Knowledge, Skills, and Abilities
The following are required for this role:
- Strong interpersonal skills
- Demonstrated breadth of understanding of electrical and mechanical systems found in a data center environment such as: Power distribution systems, UPS, Variable Frequency Drives, Generators, Air Handlers, Chillers, PLC’s, etc.
- Knowledge and proficiency with engineering software related to assignment, specifically Building Control and Monitoring Systems
- Deep technical knowledge in area of expertise
- Strong customer service focus
- Excellent project management skills
- Excellent written and oral communication skills
- General use of hand tools (ie, electrical meters)

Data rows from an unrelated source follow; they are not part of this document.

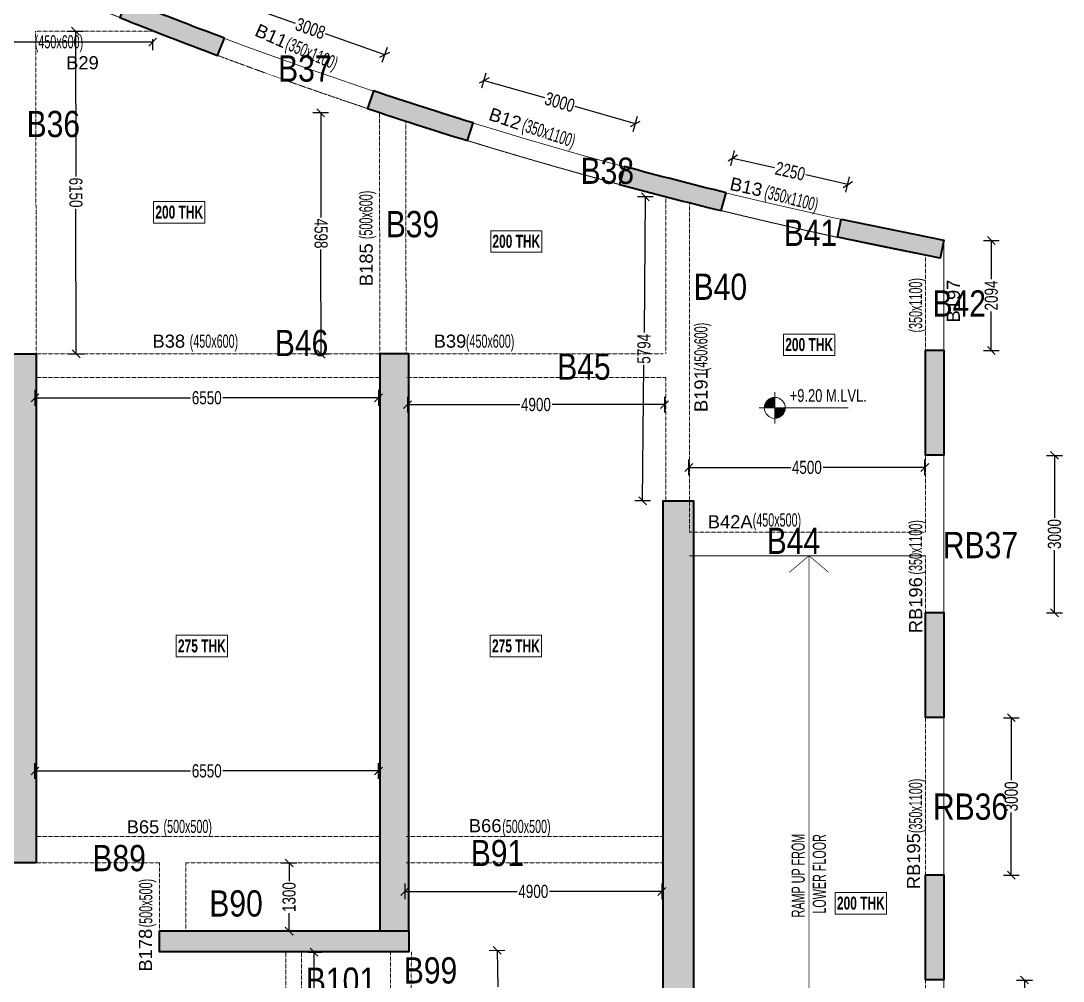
# Model space of a CAD drawing. Header units: millimetres. Extents: x 13 to 72195, y 3 to 63794.
# Drawn here: x 52327 to 72195, y 24773 to 43075 of the extents above; entities that cross this region are included whole.
import ezdxf
from ezdxf.enums import TextEntityAlignment as Align

# ---------------------------------------------------------------- set-up
doc = ezdxf.new("R2010")
doc.units = ezdxf.units.MM
doc.linetypes.add('HIDDEN', pattern=[0.375, 0.25, -0.125])
for name, color, linetype, lineweight in [('A-FLOR-IDEN', 11, 'Continuous', 9), ('G-____-____-DIMS', 7, 'Continuous', 9), ('S-BEAM', 7, 'Continuous', 18), ('S-BEAM-IDEN', 2, 'Continuous', 9), ('S-COL HATCH', 9, 'Continuous', 0), ('S-COLS', 5, 'Continuous', 35)]:
    doc.layers.add(name, color=color, linetype=linetype, lineweight=lineweight)
for name, color, linetype in [('Abhinav working', 6, 'Continuous'), ('Beam Nos', 7, 'Continuous'), ('changes', 7, 'Continuous')]:
    doc.layers.add(name, color=color, linetype=linetype)
doc.styles.add('Dim.s & Anno.(Misc.)', font='ARIALN.TTF')
doc.styles.add('SC-BBS1', font='SansSerif')
doc.styles.add('SOBHA', font='swisscl.ttf')
doc.styles.add('Swis721 LtCn BT', font='swisscl.ttf', dxfattribs={"width": 0.9, "height": 233.355162})
doc.styles.add('Swis721 LtCn BT_1', font='swisscl.ttf', dxfattribs={"height": 240})
doc.styles.add('Swis721 LtCn BT_B', font='', dxfattribs={"width": 0.9, "height": 246.918336})
doc.styles.get('Swis721 LtCn BT_B').set_extended_font_data('Swis721 LtCn BT', bold=True)
doc.dimstyles.new('S-100', dxfattribs={"dimscale": 100, "dimtxt": 2.5, "dimasz": 1.5, "dimexe": 1.5, "dimexo": 1.5, "dimgap": 0.1, "dimtad": 0, "dimdec": 0, "dimrnd": 0.0005, "dimzin": 0, "dimdsep": 46, "dimtxsty": 'SOBHA', "dimblk": 'OBLIQUE', "dimcen": 0.09, "dimclrd": 8, "dimclre": 8, "dimclrt": 6, "dimadec": 0, "dimazin": 0, "dimtfac": 1, "dimtdec": 0, "dimtofl": 0, "dimtmove": 0, "dimatfit": 3, "dimfxl": 1.5, "dimfxlon": 1, "dimtolj": 1, "dimtzin": 0, "dimlwd": -1, "dimlwe": -1, "dimarcsym": 0})

# ---------------------------------------------------------------- blocks, each defined once
blk = doc.blocks.new('A$Cb7cd9481')
at = {"layer": 'S-COL HATCH', "transparency": 33554687}
h = blk.add_hatch(color=256, dxfattribs=at)
h.dxf.hatch_style = 1
h.paths.add_polyline_path([(36311, 21885), (36443, 22213, -0.006015), (34578, 22935), (34446, 22609, 0.00603)])
h = blk.add_hatch(color=256, dxfattribs=at)
h.dxf.hatch_style = 1
h.paths.add_polyline_path([(41071, 20263), (41183, 20599, -0.006015), (39279, 21210), (39167, 20874, 0.00603)])
h = blk.add_hatch(color=256, dxfattribs=at)
h.dxf.hatch_style = 1
h.paths.add_polyline_path([(45907, 18929), (46003, 19269, -0.006016), (44065, 19767), (43970, 19427, 0.006031)])
h = blk.add_hatch(color=256, dxfattribs=at)
h.dxf.hatch_style = 1
h.paths.add_polyline_path([(48195, 18764), (48125, 18421), (50085, 18021), (50155, 18363)])
h = blk.add_hatch(color=256, dxfattribs=at)
h.dxf.hatch_style = 1
h.paths.add_polyline_path([(50155, 16269), (49805, 16269), (49805, 14269), (50155, 14269)])
h = blk.add_hatch(color=256, dxfattribs=at)
h.dxf.hatch_style = 1
h.paths.add_polyline_path([(49805, 9269), (50155, 9269), (50155, 11269), (49805, 11269)])
h = blk.add_hatch(color=256, dxfattribs=at)
h.dxf.hatch_style = 1
h.paths.add_polyline_path([(50155, 6269), (49805, 6269), (49805, 4269), (50155, 4269)])
at = {"layer": 'S-COLS', "elevation": 0}
for points in [[(36443, 22213, -0.006015), (34578, 22935), (34446, 22609, 0.00603), (36311, 21885), (36443, 22213)], [(39167, 20874, 0.00603), (41071, 20263), (41183, 20599, -0.006015), (39279, 21210), (39167, 20874)], [(46003, 19269, -0.006016), (44065, 19767), (43970, 19427, 0.006031), (45907, 18929), (46003, 19269)]]:
    blk.add_lwpolyline(points, format="xyb", dxfattribs=at)
blk.add_lwpolyline([(48195, 18764), (50155, 18363), (50085, 18021), (48125, 18421), (48195, 18764)], dxfattribs=at)
for points in [[(49805, 16269), (50155, 16269), (50155, 14269), (49805, 14269)], [(49805, 11269), (50155, 11269), (50155, 9269), (49805, 9269)], [(49805, 6269), (50155, 6269), (50155, 4269), (49805, 4269)]]:
    blk.add_lwpolyline(points, close=True, dxfattribs=at)
blk = doc.blocks.new('Spot Elevations - M_Spot Elevation - Target Filled-23738-FIRST FLOOR  FRAMING PLAN _NTA_')
at = {"layer": 'G-____-____-DIMS'}
h = blk.add_hatch(color=256, dxfattribs=at)
edge = h.paths.add_edge_path(flags=0)
edge.add_line((0, 0), (-2, 0))
edge.add_arc((0, 0), 2, 90, 180, ccw=False)
edge.add_line((0, 2), (0, 0))
h = blk.add_hatch(color=256, dxfattribs=at)
edge = h.paths.add_edge_path(flags=0)
edge.add_line((0, 0), (2, 0))
edge.add_arc((0, 0), 2, 270, 360, ccw=False)
edge.add_line((0, -2), (0, 0))
for p, q in [((0, -3), (0, 3)), ((-3, 0), (14, 0))]:
    blk.add_line(p, q, dxfattribs=at)
blk.add_circle((0, 0), 2, dxfattribs=at)
blk = doc.blocks.new('A$C0921b736')
at = {"layer": 'S-COL HATCH', "transparency": 33554687}
h = blk.add_hatch(color=256, dxfattribs=at)
h.dxf.hatch_style = 1
h.paths.add_polyline_path([(40725, 12975), (40225, 12975), (40225, 22675), (40725, 22675)])
h = blk.add_hatch(color=256, dxfattribs=at)
h.dxf.hatch_style = 1
h.paths.add_polyline_path([(43075, 11675), (43075, 11275), (47825, 11275), (47825, 11675)])
h.paths.add_polyline_path([(47825, 22675), (47275, 22675), (47275, 11675), (47825, 11675)])
h = blk.add_hatch(color=256, dxfattribs=at)
h.dxf.hatch_style = 1
h.paths.add_polyline_path([(53250, 8375), (53250, 19875), (52675, 19875), (52675, 8775), (47865, 8775), (47865, 9275), (47465, 9275), (47465, 8375)])
at = {"layer": 'S-COLS', "elevation": 0}
for points in [[(40725, 12975), (40225, 12975), (40225, 22675), (40725, 22675)], [(43075, 11675), (47825, 11675), (47825, 11275), (43075, 11275)]]:
    blk.add_lwpolyline(points, close=True, dxfattribs=at)
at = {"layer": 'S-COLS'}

- Demonstrated proficiency using office productivity tools including Google docs and sheets, Zoom and Slack
- Working knowledge of computer systems
- Ability to identify and mitigate potential project risk components
Highly desirable knowledge, skills and abilities include:
- Data Center certifications such as: CDCP - Certified Data Center Professional, Certified Data Center Management Professional (CDCM), Certified Data Center Technician Professional (CDCTP), or Data Center Energy Practitioner (DECP).
- Understanding of the basics of high performance computing and associated networking features and functions.
Certifications and Licenses:
- Data center operation certification is highly desired; see above.
Physical Requirements
- Occasionally sitting, performing desk-based computer tasks, lift/carry/push/pull objects that weigh up to 10 pounds.
- Routinely stand/walk, twist/bend/stoop/squat, grasp lightly/fine manipulation, use a telephone, lift/carry/push/pull objects that weigh from 11 to 60 pounds.
- Frequently kneel/crawl, climb (ladders, scaffolds, or other), reach/work above shoulders, grasp forcefully, writing by hand, sort/file paperwork or parts, lift/carry/push/pull objects that weigh >40 pounds.
Working Conditions
- Requires 24-hour response availability seven days per week for emergency situations. You must be able to travel to the data center facilities from your place of residence within 45 minutes.
- Expected to work an 8-5 or 8:30 – 5:30 schedule
- Requires after hours and weekend work on occasion for emergency situations, planned maintenance and/or project-related activities.
- May be exposed to noise > 80 decibels.
- May work at heights 4 - 10 ft.
Work Standards
- Interpersonal Skills: Demonstrates the ability to work well with Stanford colleagues, clients, and with external organizations.
- Promote Culture of Safety: Demonstrates commitment to personal responsibility and value for safety; communicates safety concerns; uses and promotes safe behaviors based on training and lessons learned.
- Subject to and expected to comply with all applicable University and unit policies and procedures, including but not limited to the personnel policies and other policies found in the University’s Administrative Guide.
The job duties listed are typical examples of work performed by positions in this job classification and are not designed to contain or be interpreted as a comprehensive inventory of all duties, tasks, and responsibilities. Specific duties and responsibilities may vary depending on department or program needs without changing the general nature and scope of the job or level of responsibility. Employees may also perform other duties as assigned.